RECORD EXCERPTS:
---
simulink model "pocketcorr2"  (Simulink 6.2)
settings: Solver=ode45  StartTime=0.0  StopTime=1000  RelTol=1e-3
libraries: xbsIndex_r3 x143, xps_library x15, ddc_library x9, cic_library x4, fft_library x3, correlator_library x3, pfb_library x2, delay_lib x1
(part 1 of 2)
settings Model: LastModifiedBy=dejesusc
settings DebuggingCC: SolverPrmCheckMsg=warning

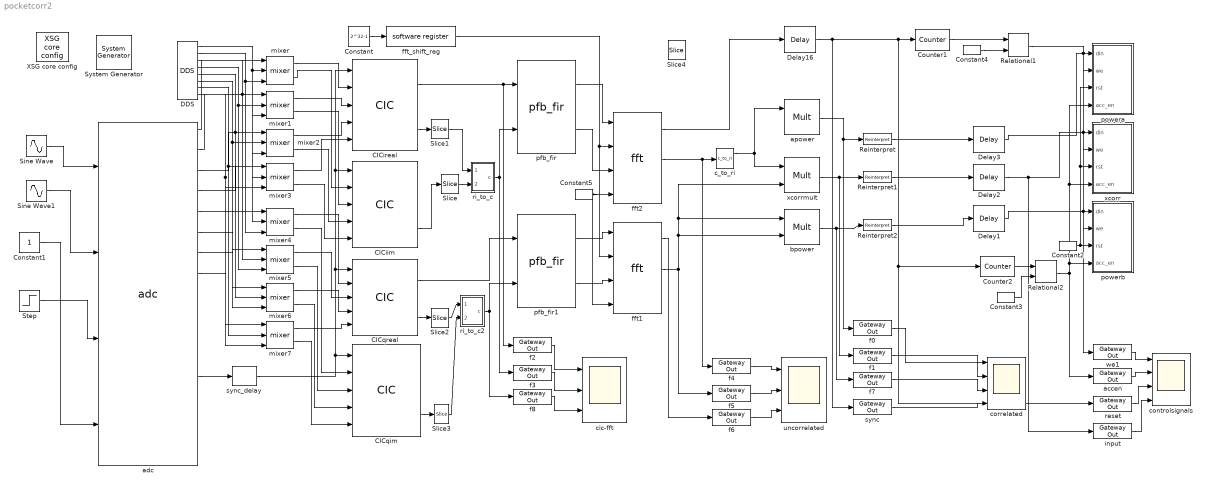
== system pocketcorr2 ==
  " System Generator" : xbsIndex_r3/ System Generator  Tag=genX  xilinxfamily=Virtex2P  part=xc2vp50  speed=-7  package=ff1152  synthesis_tool=XST  directory=./pocketcorr2/sysgen  testbench=off  simulink_period=1  sysclk_period=6.6667  incr_netlist=off  trim_vbits=Everywhere in SubSystem  dbl_ovrd=According to Block Masks  core_generation=According to Block Masks  run_coregen=off  deprecated_control=off  eval_field=0
      settings: AttributesFormatString=System\nGenerator
  CICiim : cic_library/CIC  Description="Cascaded integrator-comb filter.  Linear phase response."  inputs=4  input_bitwidth=16  input_binary_pt=14  D=1  R=1  stages=1  pipeline=off  add_latency=2  int_latency=1  comb_latency=1
  CICireal : cic_library/CIC  Description="Cascaded integrator-comb filter.  Linear phase response."  inputs=4  input_bitwidth=16  input_binary_pt=14  D=1  R=1  stages=1  pipeline=off  add_latency=2  int_latency=1  comb_latency=1
  CICqim : cic_library/CIC  Description="Cascaded integrator-comb filter.  Linear phase response."  inputs=4  input_bitwidth=16  input_binary_pt=14  D=1  R=1  stages=1  pipeline=off  add_latency=2  int_latency=1  comb_latency=1
  CICqreal : cic_library/CIC  Description="Cascaded integrator-comb filter.  Linear phase response."  inputs=4  input_bitwidth=16  input_binary_pt=14  D=1  R=1  stages=1  pipeline=off  add_latency=2  int_latency=1  comb_latency=1
  Constant : Constant  Value=2^32-1
  Constant1 : Constant
  Constant2 : xbsIndex_r3/Constant  const=0  equ=P=C  arith_type=Boolean  n_bits=1  bin_pt=0  opselect=C  inp2=PCIN>>17  opr=+  inp1=P  carry=CIN  iostate=0  explicit_period=on  period=1  dbl_ovrd=off
  Constant3 : xbsIndex_r3/Constant  const=64  equ=P=C  arith_type=Unsigned  n_bits=7  bin_pt=0  opselect=C  inp2=PCIN>>17  opr=+  inp1=P  carry=CIN  iostate=0  explicit_period=on  period=1  dbl_ovrd=off
  Constant4 : xbsIndex_r3/Constant  const=2^4  equ=P=C  arith_type=Unsigned  n_bits=6  bin_pt=0  opselect=C  inp2=PCIN>>17  opr=+  inp1=P  carry=CIN  iostate=0  explicit_period=on  period=1  dbl_ovrd=off
  Constant5 : xbsIndex_r3/Constant  const=0  equ=P=C  arith_type=Unsigned  n_bits=1  bin_pt=0  opselect=C  inp2=PCIN>>17  opr=+  inp1=P  carry=CIN  iostate=0  explicit_period=on  period=1  dbl_ovrd=off
  Counter1 : xbsIndex_r3/Counter  cnt_type=Free Running  n_bits=5  bin_pt=0  arith_type=Unsigned  start_count=0  cnt_to=Inf  cnt_by_val=1  operation=Up  explicit_period=off  period=1  load_pin=off  rst=on  en=off  dbl_ovrd=off  show_param=off  use_rpm=on  gen_core=off
      settings: xl_area=[0, 0, 0, 0, 0, 0, 0]
  Counter2 : xbsIndex_r3/Counter  cnt_type=Free Running  n_bits=8  bin_pt=0  arith_type=Unsigned  start_count=0  cnt_to=Inf  cnt_by_val=1  operation=Up  explicit_period=off  period=1  load_pin=off  rst=on  en=off  dbl_ovrd=off  show_param=off  use_rpm=on  gen_core=off
      settings: xl_area=[0, 0, 0, 0, 0, 0, 0]
  DDS : ddc_library/DDS  freq_div=8  freq=2  num_lo=4  BitWidth=8  latency=2
      link override ddc_lo0/ddc_lo_const/const: equ=P=C
      link override ddc_lo0/ddc_lo_const/const1: equ=P=C
      link override ddc_lo1/ddc_lo_const/const: equ=P=C
      link override ddc_lo1/ddc_lo_const/const1: equ=P=C
      link override ddc_lo2/ddc_lo_const/const: equ=P=C
      link override ddc_lo2/ddc_lo_const/const1: equ=P=C
      link override ddc_lo3/ddc_lo_const/const: equ=P=C
      link override ddc_lo3/ddc_lo_const/const1: equ=P=C
  Delay1 : xbsIndex_r3/Delay  latency=1  reg_retiming=off  explicit_period=on  period=1  en=off  accept_only_valid=off  init_zero=on  dbl_ovrd=off  show_param=off
      settings: xl_area=[0, 0, 0, 0, 0, 0, 0]
  Delay16 : xbsIndex_r3/Delay  latency=5  reg_retiming=off  explicit_period=on  period=1  en=off  accept_only_valid=off  init_zero=on  dbl_ovrd=off  show_param=off
      settings: xl_area=[0, 0, 0, 0, 0, 0, 0]
  Delay2 : xbsIndex_r3/Delay  latency=1  reg_retiming=off  explicit_period=on  period=1  en=off  accept_only_valid=off  init_zero=on  dbl_ovrd=off  show_param=off
      settings: xl_area=[0, 0, 0, 0, 0, 0, 0]
  Delay3 : xbsIndex_r3/Delay  latency=1  reg_retiming=off  explicit_period=on  period=1  en=off  accept_only_valid=off  init_zero=on  dbl_ovrd=off  show_param=off
      settings: xl_area=[0, 0, 0, 0, 0, 0, 0]
  Reinterpret : xbsIndex_r3/Reinterpret  force_arith_type=on  arith_type=Unsigned  force_bin_pt=on  bin_pt=20  force_valid=on
  Reinterpret1 : xbsIndex_r3/Reinterpret  force_arith_type=on  arith_type=Unsigned  force_bin_pt=on  bin_pt=20  force_valid=on
  Reinterpret2 : xbsIndex_r3/Reinterpret  force_arith_type=on  arith_type=Unsigned  force_bin_pt=on  bin_pt=20  force_valid=on
  Relational1 : xbsIndex_r3/Relational  mode=a<b  latency=1  explicit_period=on  period=1  en=off  dbl_ovrd=off  show_param=off
      settings: xl_area=[0, 0, 0, 0, 0, 0, 0]
  Relational2 : xbsIndex_r3/Relational  mode=a<b  latency=1  explicit_period=on  period=1  en=off  dbl_ovrd=off  show_param=off
      settings: xl_area=[0, 0, 0, 0, 0, 0, 0]
  Sine Wave : Sin  SampleTime=0
  Sine Wave1 : Sin  Frequency=2  SampleTime=0
  Slice{,1..4} (5 alike) : xbsIndex_r3/Slice  mode=Upper Bit Location + Width  nbits=9  bit1=0  base1=MSB of Input  bit0=0  base0=LSB of Input  boolean_output=off  explicit_period=off  period=1  dbl_ovrd=off
  Step : Step  Time=10  Before=1  After=0  SampleTime=0
  XSG core config : xps_library/XSG core config  Tag=xps:xsg  hw_sys=iBOB  clk_src=adc0_clk  clk_rate=150  sample_period=1  synthesis_tool=XST  mpc_type=powerpc405
  accen : xbsIndex_r3/Gateway Out  output_type=Double  nbits=8  bin_pt=6  arith_type=Boolean  quantization=Truncate  overflow=Wrap  hdl_port=on  timing_constraint=None  locs_specified=off  LOCs={}  needs_fixed_name=off  show_param=off
      settings: xl_area=[0, 0, 0, 0, 0, 0, 0]
  adc : xps_library/adc  Tag=xps:adc  adc_brd=iBOB:adc0  adc_clk_rate=600  adc_interleave=off  sample_period=1
  apower : xbsIndex_r3/Mult  precision=Full  arith_type="Signed  (2's comp)"  n_bits=8  bin_pt=2  quantization=Truncate  overflow=Wrap  latency=5  explicit_period=on  period=1  en=off  dbl_ovrd=off  show_param=off  mult_type=Parallel  oversample=2  use_embedded=off  pipeline=on  use_rpm=on  placement_style=Rectangular Shape  gen_core=off
      settings: xl_area=[0, 0, 0, 0, 0, 0, 0]
  bpower : xbsIndex_r3/Mult  precision=Full  arith_type="Signed  (2's comp)"  n_bits=8  bin_pt=2  quantization=Truncate  overflow=Wrap  latency=5  explicit_period=on  period=1  en=off  dbl_ovrd=off  show_param=off  mult_type=Parallel  oversample=2  use_embedded=off  pipeline=on  use_rpm=on  placement_style=Rectangular Shape  gen_core=off
      settings: xl_area=[0, 0, 0, 0, 0, 0, 0]
  c_to_ri : fft_library/c_to_ri  BitWidth=18
  cic-fft : Scope  NumInputPorts=3
      settings: YMin=-5~-5~-5  YMax=5~5~5  SaveName=ScopeData3
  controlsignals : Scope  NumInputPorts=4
---
DESCRIPTION OF THE TASK: Scan the records for the word "Counter". Copy each line where it turns up.

EXERCISE RESPONSE:
  Counter1 : xbsIndex_r3/Counter  cnt_type=Free Running  n_bits=5  bin_pt=0  arith_type=Unsigned  start_count=0  cnt_to=Inf  cnt_by_val=1  operation=Up  explicit_period=off  period=1  load_pin=off  rst=on  en=off  dbl_ovrd=off  show_param=off  use_rpm=on  gen_core=off
  Counter2 : xbsIndex_r3/Counter  cnt_type=Free Running  n_bits=8  bin_pt=0  arith_type=Unsigned  start_count=0  cnt_to=Inf  cnt_by_val=1  operation=Up  explicit_period=off  period=1  load_pin=off  rst=on  en=off  dbl_ovrd=off  show_param=off  use_rpm=on  gen_core=off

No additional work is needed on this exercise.